With the difficulties definitively classifying the neoplasm as either a melanoma or MPNST, we propose that an alternative term be used: malignant neuroectodermal tumor with melanocytic and rhabdomyoblastic differentiation. As alluded to earlier, the term “neuroectodermal tumor” is used to refer to the fact that both Schwann cells and melanocytes are derived from the neural crest, which in turn is derived from embryonic neuroectoderm.[1] Neoplasms with features of melanocytic and schwannian differentiation are not difficult to find. Nevi with so-called “neurotization” of dermal nevomelanocytes are one example. Melanotic schwannoma is a well-described entity that occurs sporadically and in the setting of Carney’s complex (cardiac and cutaneous myxomas, pigmented nevi, endocrine abnormalities, and melanotic schwannomas), and can on occasion metastasize (10–20%). The neoplastic cells in melanotic schwannoma can be epithelioid to spindled, and can contain prominent nucleoli. In addition to being strongly S-100 protein positive and HMB-45 positive, melanotic schwannomas contain true melanin pigment, which stains positively with Fontana-Masson stain. Ultrastructurally, they are noted to contain premelanosomes and melanosomes.[16] Melanin-containing neurofibromas have been described also. Fetsch et al. (2000) characterized a series of 19 pigmented “melanotic” neurofibromas including diffuse, plexiform, diffuse/plexiform combined, and intraneural epithelioid morphologies, which exhibited immunopositivity for S-100 protein, HMB-45, Melan-A, and tyrosinase, as well as melanin pigment, confirmed with Fontana-Masson stain.[17] Furthermore, melanin-containing nerve sheath tumors have been described in a neurofibromatosis rat model (induced by transplacental administration of ethylnitro-surea).[18]

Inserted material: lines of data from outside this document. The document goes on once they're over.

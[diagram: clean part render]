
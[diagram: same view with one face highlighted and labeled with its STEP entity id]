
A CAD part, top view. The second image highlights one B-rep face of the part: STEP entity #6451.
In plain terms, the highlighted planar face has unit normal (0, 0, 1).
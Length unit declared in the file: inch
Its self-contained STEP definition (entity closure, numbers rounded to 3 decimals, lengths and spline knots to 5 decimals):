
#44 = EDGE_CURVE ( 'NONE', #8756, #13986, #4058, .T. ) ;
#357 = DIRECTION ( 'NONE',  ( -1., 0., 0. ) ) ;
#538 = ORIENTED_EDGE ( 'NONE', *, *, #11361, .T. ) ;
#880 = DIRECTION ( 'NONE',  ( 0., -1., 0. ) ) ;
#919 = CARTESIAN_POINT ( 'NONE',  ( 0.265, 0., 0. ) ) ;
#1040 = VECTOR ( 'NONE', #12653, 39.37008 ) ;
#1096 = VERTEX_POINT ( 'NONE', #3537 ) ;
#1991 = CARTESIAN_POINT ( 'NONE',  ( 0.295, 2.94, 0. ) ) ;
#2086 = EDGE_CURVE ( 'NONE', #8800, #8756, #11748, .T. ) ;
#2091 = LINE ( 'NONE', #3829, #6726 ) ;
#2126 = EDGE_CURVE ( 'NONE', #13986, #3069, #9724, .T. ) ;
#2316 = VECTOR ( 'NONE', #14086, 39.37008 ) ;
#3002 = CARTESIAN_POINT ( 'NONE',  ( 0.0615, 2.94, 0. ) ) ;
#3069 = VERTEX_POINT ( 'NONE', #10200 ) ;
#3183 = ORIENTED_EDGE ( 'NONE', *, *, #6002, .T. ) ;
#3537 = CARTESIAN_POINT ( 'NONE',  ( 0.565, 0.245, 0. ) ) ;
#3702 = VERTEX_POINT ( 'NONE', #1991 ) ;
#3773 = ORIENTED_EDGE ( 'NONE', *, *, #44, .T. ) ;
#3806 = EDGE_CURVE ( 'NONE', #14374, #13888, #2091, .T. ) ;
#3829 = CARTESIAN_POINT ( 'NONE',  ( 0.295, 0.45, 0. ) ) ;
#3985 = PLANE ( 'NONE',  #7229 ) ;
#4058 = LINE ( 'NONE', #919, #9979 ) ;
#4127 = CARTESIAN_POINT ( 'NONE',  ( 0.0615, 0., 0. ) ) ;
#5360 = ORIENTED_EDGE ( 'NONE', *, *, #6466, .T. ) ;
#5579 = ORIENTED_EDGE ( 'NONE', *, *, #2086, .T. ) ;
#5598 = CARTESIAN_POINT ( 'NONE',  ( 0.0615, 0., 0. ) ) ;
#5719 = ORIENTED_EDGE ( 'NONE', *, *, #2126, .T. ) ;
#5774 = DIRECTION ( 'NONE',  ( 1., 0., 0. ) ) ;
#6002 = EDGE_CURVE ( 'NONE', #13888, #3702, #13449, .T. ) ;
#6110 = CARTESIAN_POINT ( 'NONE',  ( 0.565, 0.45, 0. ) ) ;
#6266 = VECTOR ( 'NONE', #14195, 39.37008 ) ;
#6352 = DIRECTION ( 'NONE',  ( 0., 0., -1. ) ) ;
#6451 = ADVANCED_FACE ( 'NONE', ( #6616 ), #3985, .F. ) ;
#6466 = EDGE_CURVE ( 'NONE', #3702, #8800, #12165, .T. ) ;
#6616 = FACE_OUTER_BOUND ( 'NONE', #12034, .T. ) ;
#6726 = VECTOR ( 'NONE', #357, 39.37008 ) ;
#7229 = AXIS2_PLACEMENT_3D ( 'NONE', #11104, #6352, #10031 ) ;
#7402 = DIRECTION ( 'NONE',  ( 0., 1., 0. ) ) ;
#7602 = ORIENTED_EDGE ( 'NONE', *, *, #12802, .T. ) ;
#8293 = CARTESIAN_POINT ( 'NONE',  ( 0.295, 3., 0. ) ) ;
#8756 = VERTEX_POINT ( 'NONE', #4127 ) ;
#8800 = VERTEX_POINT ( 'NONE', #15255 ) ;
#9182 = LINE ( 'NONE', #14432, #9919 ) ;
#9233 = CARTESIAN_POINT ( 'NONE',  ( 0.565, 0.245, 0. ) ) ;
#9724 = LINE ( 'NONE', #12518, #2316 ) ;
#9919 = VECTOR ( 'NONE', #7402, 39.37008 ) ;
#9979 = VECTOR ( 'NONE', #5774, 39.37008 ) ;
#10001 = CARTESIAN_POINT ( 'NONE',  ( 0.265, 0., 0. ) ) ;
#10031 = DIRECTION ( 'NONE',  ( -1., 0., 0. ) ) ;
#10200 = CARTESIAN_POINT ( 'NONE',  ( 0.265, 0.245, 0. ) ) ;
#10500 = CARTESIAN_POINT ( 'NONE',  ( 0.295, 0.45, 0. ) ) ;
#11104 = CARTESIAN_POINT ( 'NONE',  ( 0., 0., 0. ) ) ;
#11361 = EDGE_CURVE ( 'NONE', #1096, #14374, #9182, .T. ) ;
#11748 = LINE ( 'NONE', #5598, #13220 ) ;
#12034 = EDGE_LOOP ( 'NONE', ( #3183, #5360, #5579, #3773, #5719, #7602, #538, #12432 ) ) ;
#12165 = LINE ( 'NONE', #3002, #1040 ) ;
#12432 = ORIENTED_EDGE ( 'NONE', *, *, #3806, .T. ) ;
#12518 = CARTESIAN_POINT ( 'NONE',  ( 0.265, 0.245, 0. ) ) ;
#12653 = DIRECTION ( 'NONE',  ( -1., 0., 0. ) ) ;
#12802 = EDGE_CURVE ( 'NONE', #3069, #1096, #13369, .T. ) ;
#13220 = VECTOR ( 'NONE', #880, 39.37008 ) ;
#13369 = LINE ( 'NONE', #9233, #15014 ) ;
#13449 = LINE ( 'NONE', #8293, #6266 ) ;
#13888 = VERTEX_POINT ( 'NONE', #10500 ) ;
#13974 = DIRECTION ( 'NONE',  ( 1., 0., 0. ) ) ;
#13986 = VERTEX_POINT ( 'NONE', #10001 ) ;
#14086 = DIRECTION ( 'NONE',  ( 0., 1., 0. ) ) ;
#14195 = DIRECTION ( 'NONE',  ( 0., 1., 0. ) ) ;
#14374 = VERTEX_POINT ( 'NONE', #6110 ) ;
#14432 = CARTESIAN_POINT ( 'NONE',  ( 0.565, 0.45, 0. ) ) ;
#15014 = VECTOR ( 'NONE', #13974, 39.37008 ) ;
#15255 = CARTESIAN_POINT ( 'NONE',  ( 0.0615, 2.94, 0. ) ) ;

Because both MPNST and melanoma are thought to arise from or show differentiation toward neural crest-derived cells, it is not surprising that rare cases of melanoma might show rhabdomyoblastic differentiation while rare cases of MPNST might demonstrate melanocytic differentiation. However, as discussed previously, a rigid rendering of the diagnosis of either melanoma or MPNST to the exclusion of the other in this case is not easily done, nor does it capture its diagnostic nuances. Instead of forcing this neoplasm into the diagnostic category of melanoma or MPNST, a more encompassing nomenclature such as malignant neuroectodermal tumor may be appropriate. In the end, cases such as this help us to re-evaluate our diagnostic criteria and highlight possible relationships between different entities.